校長公募についてですが、公職に就くということは、一民間企業に勤めている以上に高い倫理観や人格が求められているものと認識しております。従来の教員出身校長であれば、これまでの仕事ぶりなどからそういったことを判断できると思いますが、公募となれば、答弁にあったように面接等で判断するしかないわけであります。短い時間で倫理観や人格が校長にふさわしいかどうか判断するのは極めて困難であり、公募校長が増加すれば、一定数、問題発言や行動をする人が含まれてくるのではないかと危惧いたします。

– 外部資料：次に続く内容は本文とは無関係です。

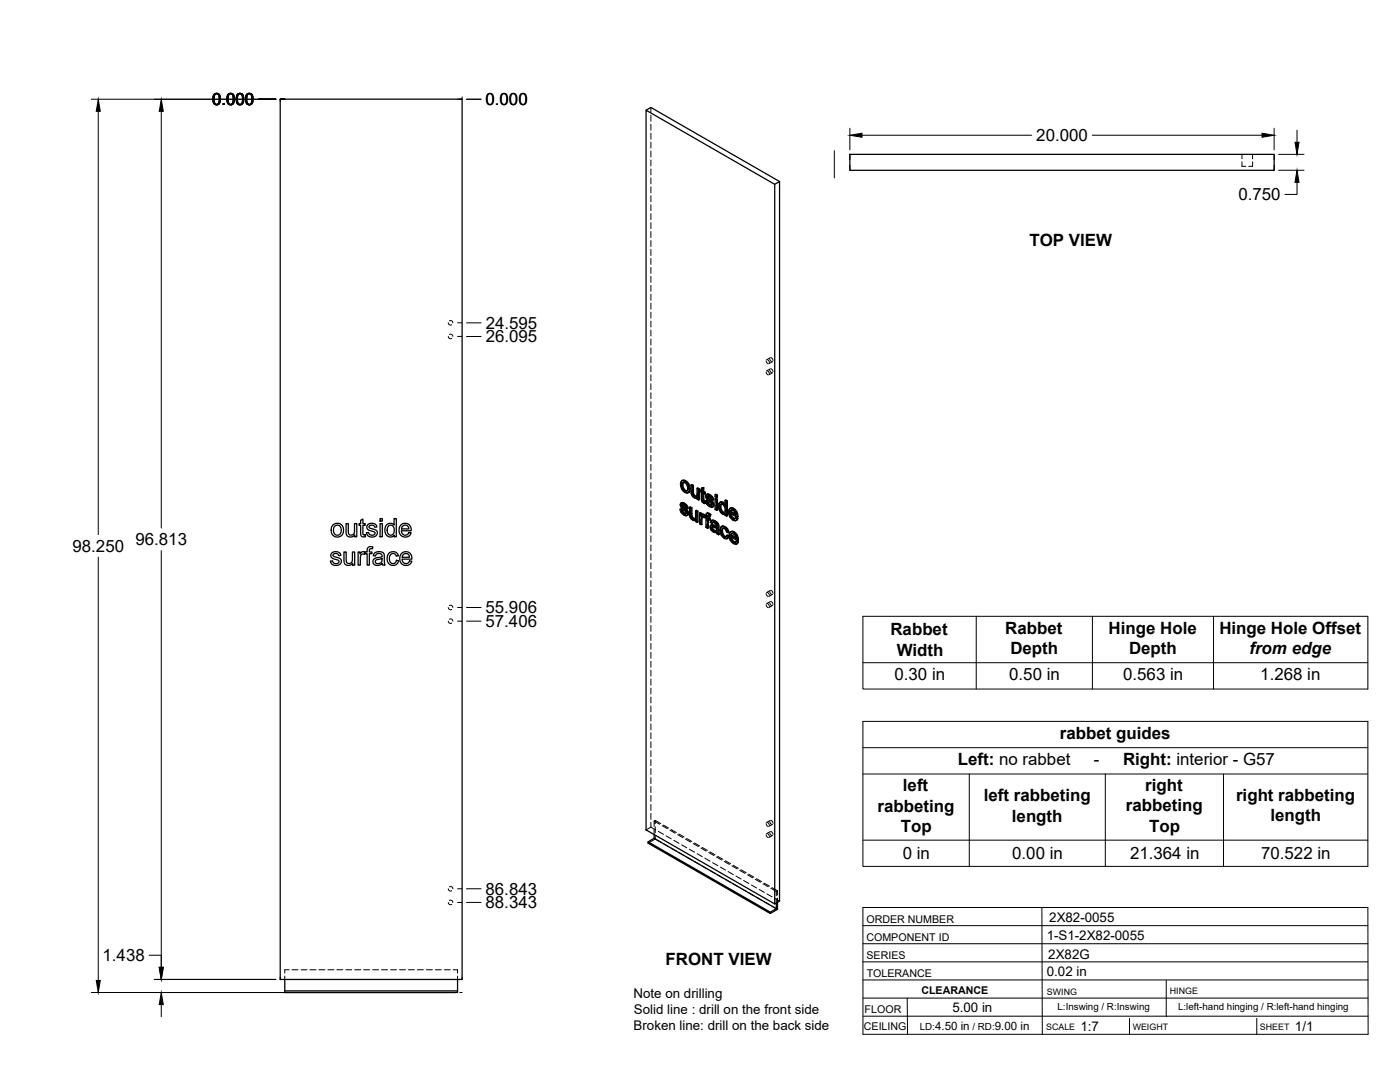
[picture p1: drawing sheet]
<svg xmlns="http://www.w3.org/2000/svg" width="559mm" height="432mm" viewBox="0 0 559 432" stroke-linecap="round" stroke-linejoin="round" font-family="sans-serif">
<!-- layer: Visible -->
<g fill="none" stroke="#000" stroke-width=".51">
<path d="M111.8 39.6h72.6v351.3h-72.6zM257.9 44l51.3 29.6v287.1l-51.3-29.5zM257.9 44l1.9-1.1 51.3 29.5M309.2 73.6l1.9-1.2v287.2l-1.9 1.1M339.2 61.6h169.4v6.4h-169.4zM272.2 191.8l.8-.2 .7 .2zM272.2 191.8l-.5 .6-.1 .9 .5 1.9 1.6 1.5h.7l.5-.3M272.3 193.6l.3 1.5M272.6 195.1l.3-.2 .8 .8-.3 .2zM272.8 192.5l-.2 .9M272.9 194.9l-.3-1.5-.3 .1 .2-.8 .5-.2 .9 .6 .5 1.4-.2 1.4h-.8M273.4 192l1 1a1.92 1.92 0 0 1 1 2"/>
<path d="M273.7 195.7l.5 .2M273.7 191.8l1.2 1.3M274.6 193.3l.5 1.9 .3-.2-.2 1.2M275.1 195.2l-.2 1.2 .3-.2-.6 .5M275.8 193.5l.7 .4 .3-.2v3.2M276.5 193.9v3.1l.3-.1 .3 .6M276.5 197.1l.3 .6 .3-.2 .4 .4M276.8 197.7l.4 .4h.9l-.4 .1M276.8 193.7l-.7-.3-.3 .1v2.9l.3 1.1 .8 1a.97 .97 0 0 0 1.4 .1v.6l.5 .4M277.2 198.1l.5 .1M278.2 194.9l.6 .4 .4-.2v4.3l-.4 .2v-4.3M278.3 198.6l-.3 .2"/>
<path d="M279.2 195.1l-.7-.4-.3 .2v2.6l-.5 .7M280 195.5l-.5 .1v.6l.5 .3v3.2l.6 .9 .7 .4 .3-.2-.1-.7-.6 .1M280 194.8l.9-.2v1.5M280.6 194.8v1.5l.3-.2 .6 .3M280.6 196.3l.6 .3 .3-.2v.6l-.3 .2v-.6M280.6 199.8l.7 .2M280.7 200l.8 .1M280.9 194.6l-.9 .2v1.1l-.5-.3M280.9 197v2.6M281.2 197.2l-.6-.4v2.9l.4 .1M281.6 199.9l.6 .2M282.1 197.3l1.3 .1"/>
<path d="M282.3 198.3l.6 .5M282.4 198.6l.2 .3a1.49 1.49 0 0 1 1.6 1l.2 .2M282.4 197.2l-.4 .2M282.5 197.4l.5 .2 .4-.2 .7 .6M282.5 199.9l-.6-.2-.3 .2 .4 1.2 .9 .9a1.24 1.24 0 0 0 1.6 .2M282.6 198.9l1.5 1.4 .3-.2 .4 .7M282.6 198v.1M282.7 198.4l-.1-.3-.3 .2 .1-.2 1 .3 .5 1 .6 .2M282.8 197.2l-.9 .3-.2 .9 .5 .9 1.7 1.7-.1 .7M283 197.6l.8 .6 .3-.2 .5 .7M283.8 198.2l.5 .7 .3-.2 .2 .8-.3 .1-.2-.7M285.4 199.1l.3-.2 .7 .3-.4 .2z"/>
<path d="M285.4 197.4l.3-.2 .7 .4-.4 .2zM285.4 199.1v4.2l.6 .4M285.4 197.4v.8l.6 .4M286.4 199.2v4.3l-.4 .2v-4.3M286.4 197.6v.8l-.4 .2v-.8M289.4 199.7l.6 .3 .3-.1v5.9l-.3 .2v-6M290.3 199.9l-.6-.4-.3 .2v2.1l-.5-.7M133 209.4l1.2-.5a2.65 2.65 0 0 1 2.9 3.6 2.65 2.65 0 0 1-4.6 .5l-.3-1.1a2.85 2.85 0 0 1 .8-2.5zM133.5 210.1l1.1-.5 1.3 .6 .2 2.1-.7 1.1-1.2 .1-.8-.7-.3-1.6zM138.1 209h.9l.1 3.7a1.31 1.31 0 0 0 1.7 .7 1.31 1.31 0 0 0 .7-1.6v-2.8h.9v5.2h-.8v-.8a1.87 1.87 0 0 1-2.2 .9 1.87 1.87 0 0 1-1.3-2.1zM144 207.6l.8-.5v1.9h1v.6h-1v3.4l.3 .4h.7l.1 .8h-1.3l-.5-.5-.1-4.1h-.7v-.6h.7zM146.7 209.4l1.4-.6a1.83 1.83 0 0 1 2.3 1.5l-.8 .1a1.18 1.18 0 0 0-1.2-.9 1.18 1.18 0 0 0-1.1 .9l.3 .4 2.2 .6a1.63 1.63 0 0 1 .6 2.2 1.63 1.63 0 0 1-2.1 .7l-1.4-.4-.6-1.3 .9-.1 .4 .8 .5 .3 1.3-.3a.82 .82 0 0 0 .2-1 .82 .82 0 0 0-1.1-.3l-1.2-.4a1.36 1.36 0 0 1-.6-2.2z"/>
<path d="M151.7 209h.9v5.2h-.9zM151.7 206.9h.9v1.1h-.9zM154.2 209.6l1.2-.7a1.81 1.81 0 0 1 1.9 .7v-2.7h.9v7.3h-.8v-.6a2.17 2.17 0 0 1-2.7 .4 2.17 2.17 0 0 1-1.1-2.4zM154.9 210.1l.5-.4 .8-.1 1 .8 .1 1.8-.7 1.2-1.2 .1-.7-.8-.1-1.6zM160 209.6l1.5-.7a2.48 2.48 0 0 1 2.6 2.9h-3.9l.3 1 .8 .7a1.45 1.45 0 0 0 1.9-1l.9 .1-.5 1-.9 .6-1.5 .1-1.2-.7-.5-.8-.2-1.2 .1-.9zM160.7 210l.8-.4 .9 .1 .8 1.4h-2.9zM271.4 203.3l.6 .2M271.9 200.7l1.3 .1M272 203.5l.4-.2 .2 .9-.3 .1zM272.1 201.7l.7 .5M272.2 202l.2 .4a1.49 1.49 0 0 1 1.6 .9l.3 .2M272.2 200.6l-.4 .2"/>
<path d="M272.3 204.3l.7 .7h.8M272.3 200.8l.6 .2 .3-.2 .8 .6M272.4 203.3l-.7-.2-.3 .2 .5 1.3 .8 .8a1.26 1.26 0 0 0 1.6 .2M272.4 202.4l1.5 1.3 .4-.2 .4 .7M272.5 201.4l-.1 .1M272.5 201.8l-.1-.3-.3 .2 .1-.2 1 .3 .5 1 .7 .3M272.6 204.2l.7 .6M272.6 200.6l-.8 .2-.3 .9 .4 .9 1.8 1.7 .2 .5-.3 .3M272.9 201l.7 .6 .4-.2 .5 .7M273 205l.6 .1M273.6 201.6l.5 .7 .4-.2 .2 .8-.3 .2-.3-.8M273.7 205.1h-.1"/>
<path d="M273.9 203.7l.4 .6 .4-.1 .1 .7M274.3 204.3l.2 .8 .3-.2-.2 .6M274.5 205.1l-.2 .5 .3-.1-.4 .3M275.2 202.4l.7 .4 .3-.2v3.2M275.9 202.8v3.1l.3-.1 .3 .6M275.9 206l.3 .6 .3-.2 .4 .4M276.2 206.6l.4 .4h.9M276.2 202.6l-.7-.3-.3 .1v3.1l.3 1.1 .8 .8a.97 .97 0 0 0 1.4 .1M276.6 207l.6 .2M277.5 207l-.3 .2M277.6 203.8l.6 .4 .4-.2v4.3l-.4 .2v-4.3M277.7 207.5v.7l.5 .3"/>
<path d="M277.7 207.6l-.2 .1M278.6 204l-.7-.4-.3 .2v2.7l-.4 .7M279.2 204.7l.6 .4 .3-.2v.5l.4-.2M279.8 205.1v.6l.7-.5 .4 .1M280 206.4l.2 2.8-.3 .2v-2.2M280.1 204.9l-.6-.3-.3 .1v4.3l.7 .4M280.2 205.4l.7-.1 .6 .4M280.3 206.1v.1M280.6 205.4l.6 .5M281 206.6l-.8-.5-.2 .3 .3-.2-.1 .8M281.2 200.3l.1 .7M281.2 206.5l.6 .3v3.7l.6 .4"/>
<path d="M281.2 206.5v-.4l-.2 .5M281.2 206.5l-.2 .1M282.2 204.9h.9l.6 .4M282.2 200.1l.3-.2 .3 .8-.3 .2zM282.4 206.6l.7 .4 .3-.2v.6l-.3 .2v-.6M282.5 204.7l-.5 .2M282.5 200.9l.7 .6h.8M282.7 207.3v3.4l-.3 .2v-3.8l.7 .5M282.7 205.7v.7M282.8 205.1l.6 .4 .3-.2-.4 .8 .1-.6M282.8 200.7l.7 .7M283.1 204.9l-.6-.2-.5 .3-.2 1.2-.6-.3 .6-.1"/>
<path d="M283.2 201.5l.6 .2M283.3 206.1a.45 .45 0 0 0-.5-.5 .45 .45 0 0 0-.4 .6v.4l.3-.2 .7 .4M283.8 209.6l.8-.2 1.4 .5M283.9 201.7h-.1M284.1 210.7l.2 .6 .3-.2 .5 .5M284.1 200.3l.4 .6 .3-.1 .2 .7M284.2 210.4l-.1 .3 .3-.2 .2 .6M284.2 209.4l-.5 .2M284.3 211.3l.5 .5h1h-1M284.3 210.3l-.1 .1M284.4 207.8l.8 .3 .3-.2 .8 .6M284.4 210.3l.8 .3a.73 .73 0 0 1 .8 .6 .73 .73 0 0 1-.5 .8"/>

一方、公募校長によって、従来にはない発想やノウハウを学校に取り入れることによる効果も期待しておりますので、今後の公募を継続される際には、小・中学校59校全体の中で、適度なボリュームを見極めた上で取り組んでいただきたいと思います。

校長の再任用との関係では、再考する必要があると答弁されましたので、了といたします。公募で退職校長を任用するのと、再任用で任用するのとでは、恐らく大きな違いは収入になるのではないかと思います。責任と仕事内容にそれほど差がないのに、収入に差があるということであれば、豊中市内の学校全体の組織として考えた場合に、働く人のモチベーションに影響することが懸念されますので、その点を踏まえて今後、検討していただきたいと思います。

最後に、学校と所得の関係と地域間格差の解消についてですが、学校間における学力格差が存在すること、それに経済格差が関わっていることは明らかで、そのことを教育委員会としても十分認識されています。その上で、選択と集中の視点で、学力面や生活面での課題が大きい学校に対して、人的、物的支援を行っているとのことですが、学校現場の声やさまざまなデータから考えると、現状の予算額や事業内容では、まだまだ不十分な気がします。教育長がおっしゃったように、学校間・地域間の課題はさまざまで、関係部局との連携が必要不可欠だと思いますが、学力課題のある学校や学校に通学する児童や生徒及びその世帯に対しても、もっと極端と思えるぐらい集中的な予算措置や事業展開をしないと、市内に存在する地域間における生活格差、経済格差からくる学力格差は埋まらないと思いますので、教育委員会としても手厚い予算措置、事業展開をしていただくことを要望しておきます。

また、現状において義務教育課程で備えるべき基礎学力が習得できずに卒業している児童や生徒が存在していることも明らかだと思います。そういった児童や生徒への対策や対応についても教育委員会として真剣に考え、取り組んでいただきたいと要望しておきます。

最後に、施政方針に関する質問でございますが、新たな発想と戦略、これについてご紹介されることは差し控えさせていただくとのことでした。ご答弁ありがとうございました。

なお、未来とよなか会派所属議員が、4月の市長選挙をどのようなスタンスで臨むかについては、この場でご紹介することは差し控えさせていただきたいと思いますので、よろしくお願いいたします。

以上、長々と言いましたが、未来とよなかの代表質問を終わらせていただきます。ありがとうございました。